I am still running my old Drummond lathe using a GE 1HP DC motor that I bought second hand twenty years ago. I designed and constructed a motor speed control based on a simple triac phase control with feedback, works well and has been reliable. The motor is BIG for 1HP,  and with thoughts of saving space, I bought a brushless 750 watt motor, 1 HP,  and speed controller from a sewing machine supply company used to retrofit to industrial sewing machines. Unfortunately it did not live upto expectations. Main problem was resonance points at certain speeds, very similar to stepper motor resonance when the input supply to the motor, a complex pulse proportioned waveform interacts with the mechanical characteristics of the motor to produce vibrations that were transmitted to the lathe spindle. Try as I might to reduce this effect using damping pads and different sized pulleys and belt types the problem persisted. The other problem was at low speeds, the motor, being very compact, weighing only a couple of pounds, would quickly overheat, even lightly loaded due to the fan not spinning fast enough. The old GE beast would run all day at a hundred revs a minute and remain just warm, big fan paddles, large thermal mass and large surface area to dissipate heat, plus generous amounts of copper conductor and magnetics to reduce resistance and eddy current losses which produce the heat! 
Just my experiences for what they're worth.


----------



## Nigel123 (May 3, 2021)

GrahamT said:


> I am still running my old Drummond lathe using a GE 1HP DC motor that I bought second hand twenty years ago. I designed and constructed a motor speed control based on a simple triac phase control with feedback, works well and has been reliable. The motor is BIG for 1HP,  and with thoughts of saving space, I bought a brushless 750 watt motor, 1 HP,  and speed controller from a sewing machine supply company used to retrofit to industrial sewing machines. Unfortunately it did not live upto expectations. Main problem was resonance points at certain speeds, very similar to stepper motor resonance when the input supply to the motor, a complex pulse proportioned waveform interacts with the mechanical characteristics of the motor to produce vibrations that were transmitted to the lathe spindle. Try as I might to reduce this effect using damping pads and different sized pulleys and belt types the problem persisted. The other problem was at low speeds, the motor, being very compact, weighing only a couple of pounds, would quickly overheat, even lightly loaded due to the fan not spinning fast enough. The old GE beast would run all day at a hundred revs a minute and remain just warm, big fan paddles, large thermal mass and large surface area to dissipate heat, plus generous amounts of copper conductor and magnetics to reduce resistance and eddy current losses which produce the heat!
> Just my experiences for what they're worth.

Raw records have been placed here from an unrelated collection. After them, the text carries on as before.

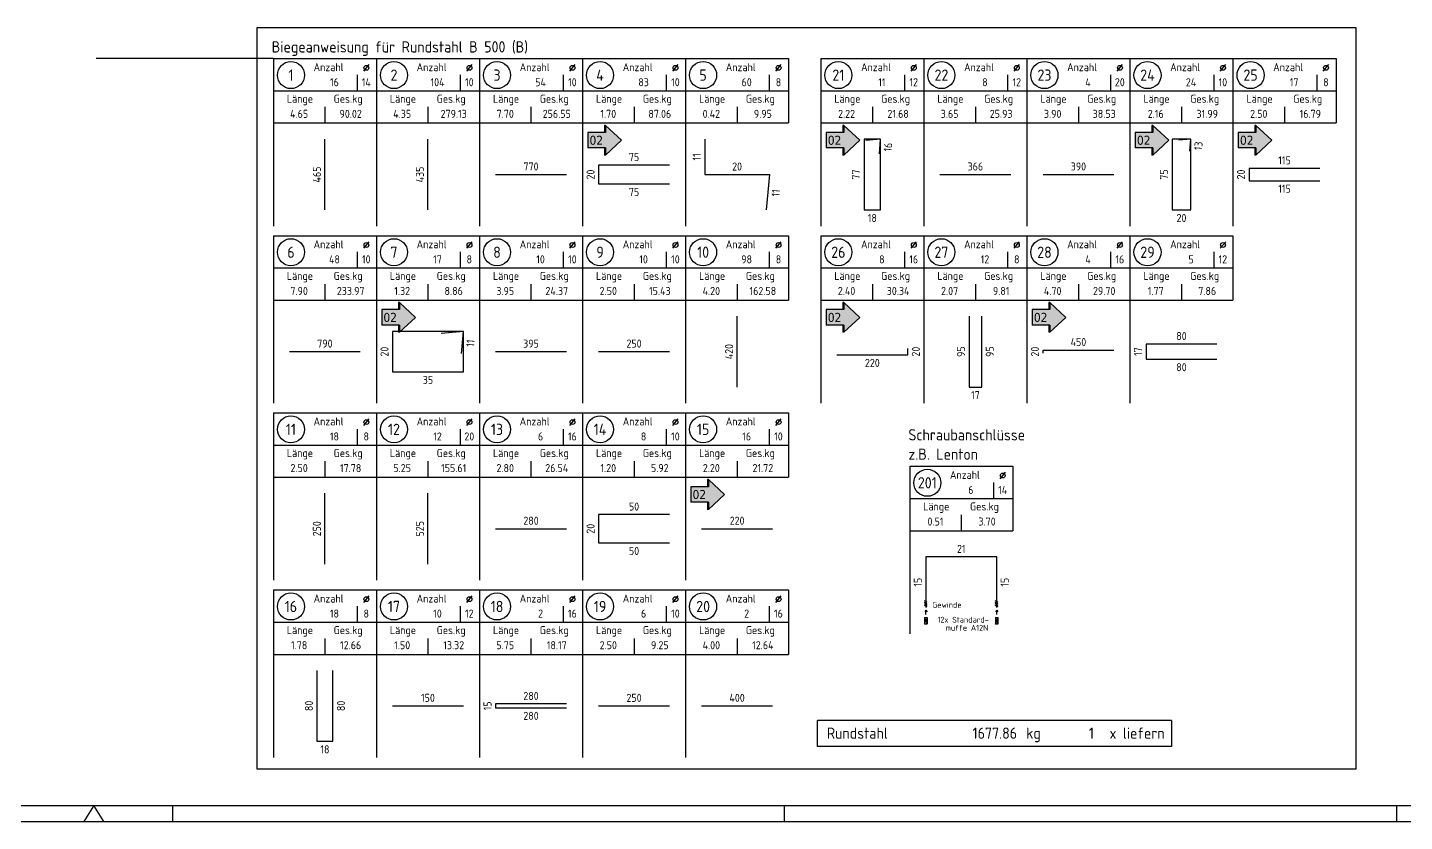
# Model space of a CAD drawing. Extents: x 0 to 74.3, y 0 to 36.
# Drawn here: x 28.7 to 50.07, y 0 to 12.33 of the extents above; entities that cross this region are included whole.
import ezdxf
from ezdxf.enums import TextEntityAlignment as Align

# ---------------------------------------------------------------- set-up
doc = ezdxf.new("R2010")
doc.units = 0
doc.header["$LTSCALE"] = 0.5
doc.linetypes.add('AUSGEZOGEN', pattern=[1000.01, 1000, 0.01])
for name, color, linetype in [('grau_hell', 7, 'Continuous'), ('INDEX', 7, 'Continuous'), ('OBJEKT', 7, 'Continuous'), ('RAHMEN', 7, 'Continuous'), ('RND', 7, 'Continuous'), ('RND_BILD', 7, 'Continuous'), ('STAHL', 7, 'Continuous'), ('TEXT', 7, 'Continuous')]:
    doc.layers.add(name, color=color, linetype=linetype)
doc.layers.add('NOPLOT', color=7, linetype='Continuous', plot=False)
doc.styles.add('helv', font='tahoma.ttf')
doc.styles.add('txt', font='isocp.shx')

# ---------------------------------------------------------------- blocks, each defined once
blk = doc.blocks.new('Muffe%%C28')
at = {"layer": 'STAHL', "color": 102, "linetype": 'AUSGEZOGEN'}
for p, q in [((-0.01, 0.117), (-0.011, 0.116)), ((-0.011, 0.116), (-0.011, 0.017)), ((-0.011, 0.017), (-0.01, 0.016)), ((0.025, 0.117), (-0.01, 0.117)), ((-0.01, 0.016), (0.025, 0.016)), ((-0.007, 0.116), (-0.008, 0.117)), ((-0.007, 0.017), (-0.008, 0.016)), ((-0.007, 0.116), (-0.002, 0.072)), ((-0.007, 0.017), (-0.002, 0.061)), ((0.018, 0.07), (-0.003, 0.07)), ((-0.003, 0.063), (0.018, 0.063)), ((-0.002, 0.072), (-0.002, 0.066)), ((-0.002, 0.061), (-0.002, 0.066)), ((0.022, 0.116), (0.017, 0.072)), ((0.017, 0.072), (0.017, 0.066)), ((0.017, 0.061), (0.017, 0.066)), ((0.022, 0.017), (0.017, 0.061)), ((0.022, 0.116), (0.023, 0.117)), ((0.022, 0.017), (0.023, 0.016)), ((0.026, 0.116), (0.025, 0.117)), ((0.025, 0.016), (0.026, 0.017)), ((0.026, 0.116), (0.026, 0.017))]:
    blk.add_line(p, q, dxfattribs=at)
at = {"layer": 'TEXT', "color": 102, "linetype": 'AUSGEZOGEN'}
for p, q in [((-0.002, 0.074), (0.017, 0.074)), ((-0.002, 0.059), (0.017, 0.059))]:
    blk.add_line(p, q, dxfattribs=at)
blk = doc.blocks.new('A1-35-0')
at = {"layer": 'RAHMEN', "color": 5}
blk.add_line((2, 0.5), (118.4, 0.5), dxfattribs=at)
at = {"layer": 'RAHMEN', "color": 7, "linetype": 'Continuous'}
for p, q in [((59.45, 0.5), (59.14, 0)), ((59.76, 0), (59.45, 0.5))]:
    blk.add_line(p, q, dxfattribs=at)
at = {"layer": 'RAHMEN', "color": 7}
for p, q in [((61.9, 0), (61.9, 0.5)), ((80.9, 0), (80.9, 0.5)), ((99.9, 0.5), (99.9, 0))]:
    blk.add_line(p, q, dxfattribs=at)
at = {"layer": 'RAHMEN'}
blk.add_line((0, 0), (118.9, 0), dxfattribs=at)
blk = doc.blocks.new('RND_LIS2')
at = {"layer": 'RND', "color": 3, "linetype": 'Continuous'}
for p, q in [((0, 0), (0, -5.2)), ((0, 0), (3.2, 0)), ((3.2, 0), (3.2, -2)), ((2.6, -0.503), (2.6, -1)), ((0, -1), (3.2, -1)), ((1.6, -1.503), (1.6, -2)), ((0, -2), (3.2, -2))]:
    blk.add_line(p, q, dxfattribs=at)
at = {"layer": 'RND', "color": 7, "linetype": 'Continuous'}
blk.add_line((2.805, -0.39), (2.973, -0.186), dxfattribs=at)
at = {"layer": 'RND', "color": 1, "linetype": 'Continuous'}
blk.add_circle((0.545, -0.513), 0.42, dxfattribs=at)
at = {"layer": 'RND', "color": 7, "linetype": 'Continuous'}
blk.add_circle((2.889, -0.288), 0.075, dxfattribs=at)
at = {"layer": 'RND', "color": 7, "linetype": 'Continuous', "style": 'txt'}
for s, p in [('Anzahl', (1.249, -0.391)), ('Länge', (0.42, -1.373)), ('Ges.kg', (1.872, -1.373))]:
    blk.add_text(s, height=0.25, dxfattribs=at).set_placement(p)
at = {"layer": 'RND', "color": 1, "linetype": 'Continuous', "style": 'txt'}
blk.add_attdef('POS1', text='', height=0.35, dxfattribs=at).set_placement((0.545, -0.513), align=Align.MIDDLE)
at = {"layer": 'RND', "color": 7, "linetype": 'Continuous', "style": 'txt'}
for tag, p in [('STK1', (1.897, -0.859)), ('DS1', (2.885, -0.859)), ('LANG1', (0.8, -1.841)), ('GEW', (2.4, -1.841))]:
    blk.add_attdef(tag, text='', height=0.25, dxfattribs=at).set_placement(p, align=Align.CENTER)
blk = doc.blocks.new('hin_ind5')
at = {"layer": 'grau_hell', "linetype": 'AUSGEZOGEN'}
h = blk.add_hatch(color=9, dxfattribs=at)
h.dxf.hatch_style = 2
h.paths.add_polyline_path([(0, 0), (0.619, -0.577), (0.619, -0.3), (1.306, -0.3), (1.306, 0.3), (0.619, 0.3), (0.619, 0.577)])
h.paths.add_polyline_path([(0.34, -0.274), (1.311, -0.274), (1.311, 0.274), (0.34, 0.274)], flags=9)
at = {"layer": 'OBJEKT', "linetype": 'AUSGEZOGEN'}
for points in [[(0.619, 0.3), (0.66, 0.3), (0.66, 0.577), (0.619, 0.577)], [(0.619, -0.577), (0.66, -0.577), (0.66, -0.3), (0.619, -0.3)]]:
    blk.add_hatch(color=1, dxfattribs=at).paths.add_polyline_path(points)
at = {"layer": 'OBJEKT', "color": 1, "linetype": 'AUSGEZOGEN'}
for p, q in [((0, 0), (0.619, 0.577)), ((0.619, 0.577), (0.619, 0.3)), ((0.619, 0.577), (0.66, 0.577)), ((0.66, 0.577), (0.66, 0.3)), ((0, 0), (0.619, -0.577)), ((0.619, 0.3), (1.306, 0.3)), ((1.306, 0.3), (1.306, -0.3)), ((0.619, -0.3), (0.619, -0.577)), ((0.619, -0.3), (1.306, -0.3)), ((0.66, -0.3), (0.66, -0.577))]:
    blk.add_line(p, q, dxfattribs=at)
at = {"layer": 'OBJEKT', "color": 7, "linetype": 'AUSGEZOGEN'}
blk.add_line((0.619, -0.577), (0.66, -0.577), dxfattribs=at)
at = {"layer": 'INDEX', "color": 1, "linetype": 'Continuous', "style": 'helv'}
blk.add_attdef('INDEX', text='', height=0.35, rotation=360, dxfattribs=at).set_placement((1.259, 0), align=Align.MIDDLE_RIGHT)
blk = doc.blocks.new('RND_SUM')
at = {"layer": 'RND', "color": 5, "linetype": 'Continuous'}
for p, q in [((0, 0), (0, 0.8)), ((11, 0.8), (0, 0.8)), ((11, 0.8), (11, 0)), ((11, 0), (0, 0))]:
    blk.add_line(p, q, dxfattribs=at)
at = {"layer": 'RND', "color": 1, "linetype": 'Continuous', "style": 'txt'}
for s, p in [('Rundstahl', (0.292, 0.235)), ('kg', (6.483, 0.235))]:
    blk.add_text(s, height=0.35, dxfattribs=at).set_placement(p)
blk.add_text('x liefern', height=0.35, dxfattribs=at).set_placement((10.784, 0.235), align=Align.RIGHT)
for tag, p in [('RND-S', (6.203, 0.235)), ('RND-Z', (8.59, 0.235))]:
    blk.add_attdef(tag, text='', height=0.35, dxfattribs=at).set_placement(p, align=Align.RIGHT)

msp = doc.modelspace()

# ---------------------------------------------------------------- linework, layer by layer
at = {"layer": 'NOPLOT', "color": 191, "linetype": 'AUSGEZOGEN'}
msp.add_line((32.5127, 11.8447), (29.762, 11.8447), dxfattribs=at)
at = {"layer": 'RND_BILD', "color": 1, "linetype": 'AUSGEZOGEN'}
for points in [[(33.3127, 9.4947), (33.3127, 10.5947)], [(34.9127, 9.4947), (34.9127, 10.5947)], [(39.2117, 10.5947), (39.2117, 10.0437), (40.2137, 10.0437), (40.1656, 9.4947)], [(41.9214, 10.367), (41.9413, 10.5947), (41.6841, 10.5947), (41.6841, 9.4947), (41.9413, 9.4947), (41.9413, 10.5947), (41.7136, 10.5748)], [(46.7428, 10.4048), (46.7594, 10.5947), (46.466, 10.5947), (46.466, 9.4947), (46.7594, 9.4947), (46.7594, 10.5947), (46.5694, 10.5781)], [(38.6627, 10.1914), (37.5627, 10.1914), (37.5627, 9.8981), (38.6627, 9.8981)], [(48.7627, 10.1404), (47.6627, 10.1404), (47.6627, 9.9491), (48.7627, 9.9491)], [(35.9627, 10.0447), (37.0627, 10.0447)], [(42.8627, 10.0447), (43.9627, 10.0447)], [(44.4627, 10.0447), (45.5627, 10.0447)], [(39.7127, 6.7447), (39.7127, 7.8447)], [(43.3143, 7.8447), (43.3143, 6.7447), (43.5111, 6.7447), (43.5111, 7.8447)], [(35.4326, 7.2646), (35.4627, 7.609), (34.3627, 7.609), (34.3627, 6.9805), (35.4627, 6.9805), (35.4627, 7.609), (35.1183, 7.5789)], [(32.7627, 7.2947), (33.8627, 7.2947)], [(35.9627, 7.2947), (37.0627, 7.2947)], [(37.5627, 7.2947), (38.6627, 7.2947)], [(41.2627, 7.2447), (42.3627, 7.2447), (42.3627, 7.3447)], [(44.4627, 7.2703), (44.4627, 7.3192), (45.5627, 7.3192)], [(47.1627, 7.4116), (46.0627, 7.4116), (46.0627, 7.1779), (47.1627, 7.1779)], [(33.3127, 3.9947), (33.3127, 5.0947)], [(34.9127, 3.9947), (34.9127, 5.0947)], [(38.6627, 4.7647), (37.5627, 4.7647), (37.5627, 4.3247), (38.6627, 4.3247)], [(35.9627, 4.5447), (37.0627, 4.5447)], [(39.1627, 4.5447), (40.2627, 4.5447)], [(43.7433, 3.3219), (43.7433, 4.1076), (42.6433, 4.1076), (42.6433, 3.3219)], [(33.189, 2.3447), (33.189, 1.2447), (33.4365, 1.2447), (33.4365, 2.3447)], [(34.3627, 1.7947), (35.4627, 1.7947)], [(37.0627, 1.8242), (35.9627, 1.8242), (35.9627, 1.7653), (37.0627, 1.7653)], [(37.5627, 1.7947), (38.6627, 1.7947)], [(39.1627, 1.7947), (40.2627, 1.7947)]]:
    msp.add_lwpolyline(points, dxfattribs=at)
at = {"layer": 'TEXT', "color": 102, "linetype": 'AUSGEZOGEN'}
for p, q in [((42.6653, 3.4033), (42.6212, 3.426)), ((43.7653, 3.4033), (43.7212, 3.426)), ((42.6653, 3.3793), (42.6212, 3.402)), ((42.6653, 3.3553), (42.6212, 3.378)), ((42.6653, 3.3313), (42.6212, 3.354)), ((42.6434, 3.2785), (42.6254, 3.2533)), ((42.6434, 3.2785), (42.6615, 3.2533)), ((42.6434, 3.2113), (42.6434, 3.2785)), ((43.7653, 3.3793), (43.7212, 3.402)), ((43.7653, 3.3553), (43.7212, 3.378)), ((43.7653, 3.3313), (43.7212, 3.354)), ((43.7434, 3.2785), (43.7254, 3.2533)), ((43.7434, 3.2785), (43.7615, 3.2533)), ((43.7434, 3.2113), (43.7434, 3.2785))]:
    msp.add_line(p, q, dxfattribs=at)
at = {"layer": 'TEXT', "color": 1, "linetype": 'AUSGEZOGEN'}
msp.add_lwpolyline([(32.2608, 12.3269), (49.3198, 12.3269), (49.3198, 0.8144), (32.2608, 0.8144)], close=True, dxfattribs=at)

# ---------------------------------------------------------------- block references
at = {"layer": 'OBJEKT', "color": 7, "linetype": 'AUSGEZOGEN', "xscale": -1}
for p in [(42.6509, 3.0492), (43.7509, 3.0492)]:
    msp.add_blockref('Muffe%%C28', p, dxfattribs=at)
at = {"layer": 'RAHMEN', "color": 7, "linetype": 'AUSGEZOGEN', "xscale": 0.5, "yscale": 0.5, "zscale": 0.5}
msp.add_blockref('A1-35-0', (0, 0), dxfattribs=at)
at = {"layer": 'RND_BILD', "color": 6, "linetype": 'AUSGEZOGEN', "xscale": 0.5, "yscale": 0.5, "zscale": 0.5}
for p, values in [((32.5127, 11.8447), {'POS1': '1', 'STK1': '16', 'DS1': '14', 'LANG1': '4.65', 'GEW': '90.02'}), ((41.0127, 11.8447), {'POS1': '21', 'STK1': '11', 'DS1': '12', 'LANG1': '2.22', 'GEW': '21.68'})]:
    msp.add_blockref('RND_LIS2', p, dxfattribs=at).add_auto_attribs(values)
at = {"layer": 'RND_BILD', "color": 7, "linetype": 'AUSGEZOGEN', "xscale": 0.5, "yscale": 0.5, "zscale": 0.5}
for name, p, values in [('RND_LIS2', (34.1127, 11.8447), {'POS1': '2', 'STK1': '104', 'DS1': '10', 'LANG1': '4.35', 'GEW': '279.13'}), ('RND_LIS2', (35.7127, 11.8447), {'POS1': '3', 'STK1': '54', 'DS1': '10', 'LANG1': '7.70', 'GEW': '256.55'}), ('RND_LIS2', (37.3127, 11.8447), {'POS1': '4', 'STK1': '83', 'DS1': '10', 'LANG1': '1.70', 'GEW': '87.06'}), ('RND_LIS2', (38.9127, 11.8447), {'POS1': '5', 'STK1': '60', 'DS1': '8', 'LANG1': '0.42', 'GEW': '9.95'}), ('RND_LIS2', (42.6127, 11.8447), {'POS1': '22', 'STK1': '8', 'DS1': '12', 'LANG1': '3.65', 'GEW': '25.93'}), ('RND_LIS2', (44.2127, 11.8447), {'POS1': '23', 'STK1': '4', 'DS1': '20', 'LANG1': '3.90', 'GEW': '38.53'}), ('RND_LIS2', (45.8127, 11.8447), {'POS1': '24', 'STK1': '24', 'DS1': '10', 'LANG1': '2.16', 'GEW': '31.99'}), ('RND_LIS2', (47.4127, 11.8447), {'POS1': '25', 'STK1': '17', 'DS1': '8', 'LANG1': '2.50', 'GEW': '16.79'}), ('RND_LIS2', (32.5127, 9.0947), {'POS1': '6', 'STK1': '48', 'DS1': '10', 'LANG1': '7.90', 'GEW': '233.97'}), ('RND_LIS2', (34.1127, 9.0947), {'POS1': '7', 'STK1': '17', 'DS1': '8', 'LANG1': '1.32', 'GEW': '8.86'}), ('RND_LIS2', (35.7127, 9.0947), {'POS1': '8', 'STK1': '10', 'DS1': '10', 'LANG1': '3.95', 'GEW': '24.37'}), ('RND_LIS2', (37.3127, 9.0947), {'POS1': '9', 'STK1': '10', 'DS1': '10', 'LANG1': '2.50', 'GEW': '15.43'}), ('RND_LIS2', (38.9127, 9.0947), {'POS1': '10', 'STK1': '98', 'DS1': '8', 'LANG1': '4.20', 'GEW': '162.58'}), ('RND_LIS2', (41.0127, 9.0947), {'POS1': '26', 'STK1': '8', 'DS1': '16', 'LANG1': '2.40', 'GEW': '30.34'}), ('RND_LIS2', (42.6127, 9.0947), {'POS1': '27', 'STK1': '12', 'DS1': '8', 'LANG1': '2.07', 'GEW': '9.81'}), ('RND_LIS2', (44.2127, 9.0947), {'POS1': '28', 'STK1': '4', 'DS1': '16', 'LANG1': '4.70', 'GEW': '29.70'}), ('RND_LIS2', (45.8127, 9.0947), {'POS1': '29', 'STK1': '5', 'DS1': '12', 'LANG1': '1.77', 'GEW': '7.86'}), ('RND_LIS2', (32.5127, 6.3447), {'POS1': '11', 'STK1': '18', 'DS1': '8', 'LANG1': '2.50', 'GEW': '17.78'}), ('RND_LIS2', (34.1127, 6.3447), {'POS1': '12', 'STK1': '12', 'DS1': '20', 'LANG1': '5.25', 'GEW': '155.61'}), ('RND_LIS2', (35.7127, 6.3447), {'POS1': '13', 'STK1': '6', 'DS1': '16', 'LANG1': '2.80', 'GEW': '26.54'}), ('RND_LIS2', (37.3127, 6.3447), {'POS1': '14', 'STK1': '8', 'DS1': '10', 'LANG1': '1.20', 'GEW': '5.92'}), ('RND_LIS2', (38.9127, 6.3447), {'POS1': '15', 'STK1': '16', 'DS1': '10', 'LANG1': '2.20', 'GEW': '21.72'}), ('RND_LIS2', (42.3933, 5.5147), {'POS1': '201', 'STK1': '6', 'DS1': '14', 'LANG1': '0.51', 'GEW': '3.70'}), ('RND_LIS2', (32.5127, 3.5947), {'POS1': '16', 'STK1': '18', 'DS1': '8', 'LANG1': '1.78', 'GEW': '12.66'}), ('RND_LIS2', (34.1127, 3.5947), {'POS1': '17', 'STK1': '10', 'DS1': '12', 'LANG1': '1.50', 'GEW': '13.32'}), ('RND_LIS2', (35.7127, 3.5947), {'POS1': '18', 'STK1': '2', 'DS1': '16', 'LANG1': '5.75', 'GEW': '18.17'}), ('RND_LIS2', (37.3127, 3.5947), {'POS1': '19', 'STK1': '6', 'DS1': '10', 'LANG1': '2.50', 'GEW': '9.25'}), ('RND_LIS2', (38.9127, 3.5947), {'POS1': '20', 'STK1': '2', 'DS1': '16', 'LANG1': '4.00', 'GEW': '12.64'}), ('RND_SUM', (40.9589, 1.1661), {'RND-S': '1677.86', 'RND-Z': '1'})]:
    msp.add_blockref(name, p, dxfattribs=at).add_auto_attribs(values)
at = {"layer": 'RND_BILD', "color": 7, "linetype": 'AUSGEZOGEN'}
ref = msp.add_blockref('hin_ind5', (37.9174, 10.5768), dxfattribs=dict(at, xscale=-0.4, yscale=0.4, zscale=0.4))
ref.add_attrib('INDEX', '02', dxfattribs={"layer": 'INDEX', "color": 1, "linetype": 'Continuous', "height": 0.14, "style": 'helv'}).set_placement((37.6316, 10.5768), align=Align.MIDDLE_RIGHT)
ref = msp.add_blockref('hin_ind5', (41.6174, 10.5768), dxfattribs=dict(at, xscale=-0.4, yscale=0.4, zscale=0.4))
ref.add_attrib('INDEX', '02', dxfattribs={"layer": 'INDEX', "color": 1, "linetype": 'Continuous', "height": 0.14, "style": 'helv'}).set_placement((41.3316, 10.5768), align=Align.MIDDLE_RIGHT)
ref = msp.add_blockref('hin_ind5', (46.4174, 10.5768), dxfattribs=dict(at, xscale=-0.4, yscale=0.4, zscale=0.4))
ref.add_attrib('INDEX', '02', dxfattribs={"layer": 'INDEX', "color": 1, "linetype": 'Continuous', "height": 0.14, "style": 'helv'}).set_placement((46.1316, 10.5768), align=Align.MIDDLE_RIGHT)
ref = msp.add_blockref('hin_ind5', (48.0174, 10.5768), dxfattribs=dict(at, xscale=-0.4, yscale=0.4, zscale=0.4))
ref.add_attrib('INDEX', '02', dxfattribs={"layer": 'INDEX', "color": 1, "linetype": 'Continuous', "height": 0.14, "style": 'helv'}).set_placement((47.7316, 10.5768), align=Align.MIDDLE_RIGHT)
ref = msp.add_blockref('hin_ind5', (34.7174, 7.8268), dxfattribs=dict(at, xscale=-0.4, yscale=0.4, zscale=0.4))
ref.add_attrib('INDEX', '02', dxfattribs={"layer": 'INDEX', "color": 1, "linetype": 'Continuous', "height": 0.14, "style": 'helv'}).set_placement((34.4316, 7.8268), align=Align.MIDDLE_RIGHT)
ref = msp.add_blockref('hin_ind5', (41.6174, 7.8268), dxfattribs=dict(at, xscale=-0.4, yscale=0.4, zscale=0.4))
ref.add_attrib('INDEX', '02', dxfattribs={"layer": 'INDEX', "color": 1, "linetype": 'Continuous', "height": 0.14, "style": 'helv'}).set_placement((41.3316, 7.8268), align=Align.MIDDLE_RIGHT)
ref = msp.add_blockref('hin_ind5', (44.8174, 7.8268), dxfattribs=dict(at, xscale=-0.4, yscale=0.4, zscale=0.4))
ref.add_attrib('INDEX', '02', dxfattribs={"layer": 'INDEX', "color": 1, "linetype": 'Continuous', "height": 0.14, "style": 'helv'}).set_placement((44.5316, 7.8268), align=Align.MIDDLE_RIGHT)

Most of the motors I use are old iron Reliance and Baldor yes they are big but barely get warm when running


----------



## Nigel123 (May 3, 2021)

Shotgun said:


> I have an Atlas/Craftsman driven by a 3-ph on a VFD through a 110->220 step-up transformer, and a RF-30 clone mill using a 1.75Hp treadmill motor controlled by the MC-2100LTS circuit board.
> 
> I put both on a watt meter, and they pull about the same power.  One kilowatt.  I don't have any other empirical measures, but my "feel" is that they both bog down about the same under load, except that the mill will switch itself off if I bog it down too much for too long.  Of course, that may just be a suggestion from the mill that I shouldn't be taking a .020" DOC with a 4" facemill on A36 steel.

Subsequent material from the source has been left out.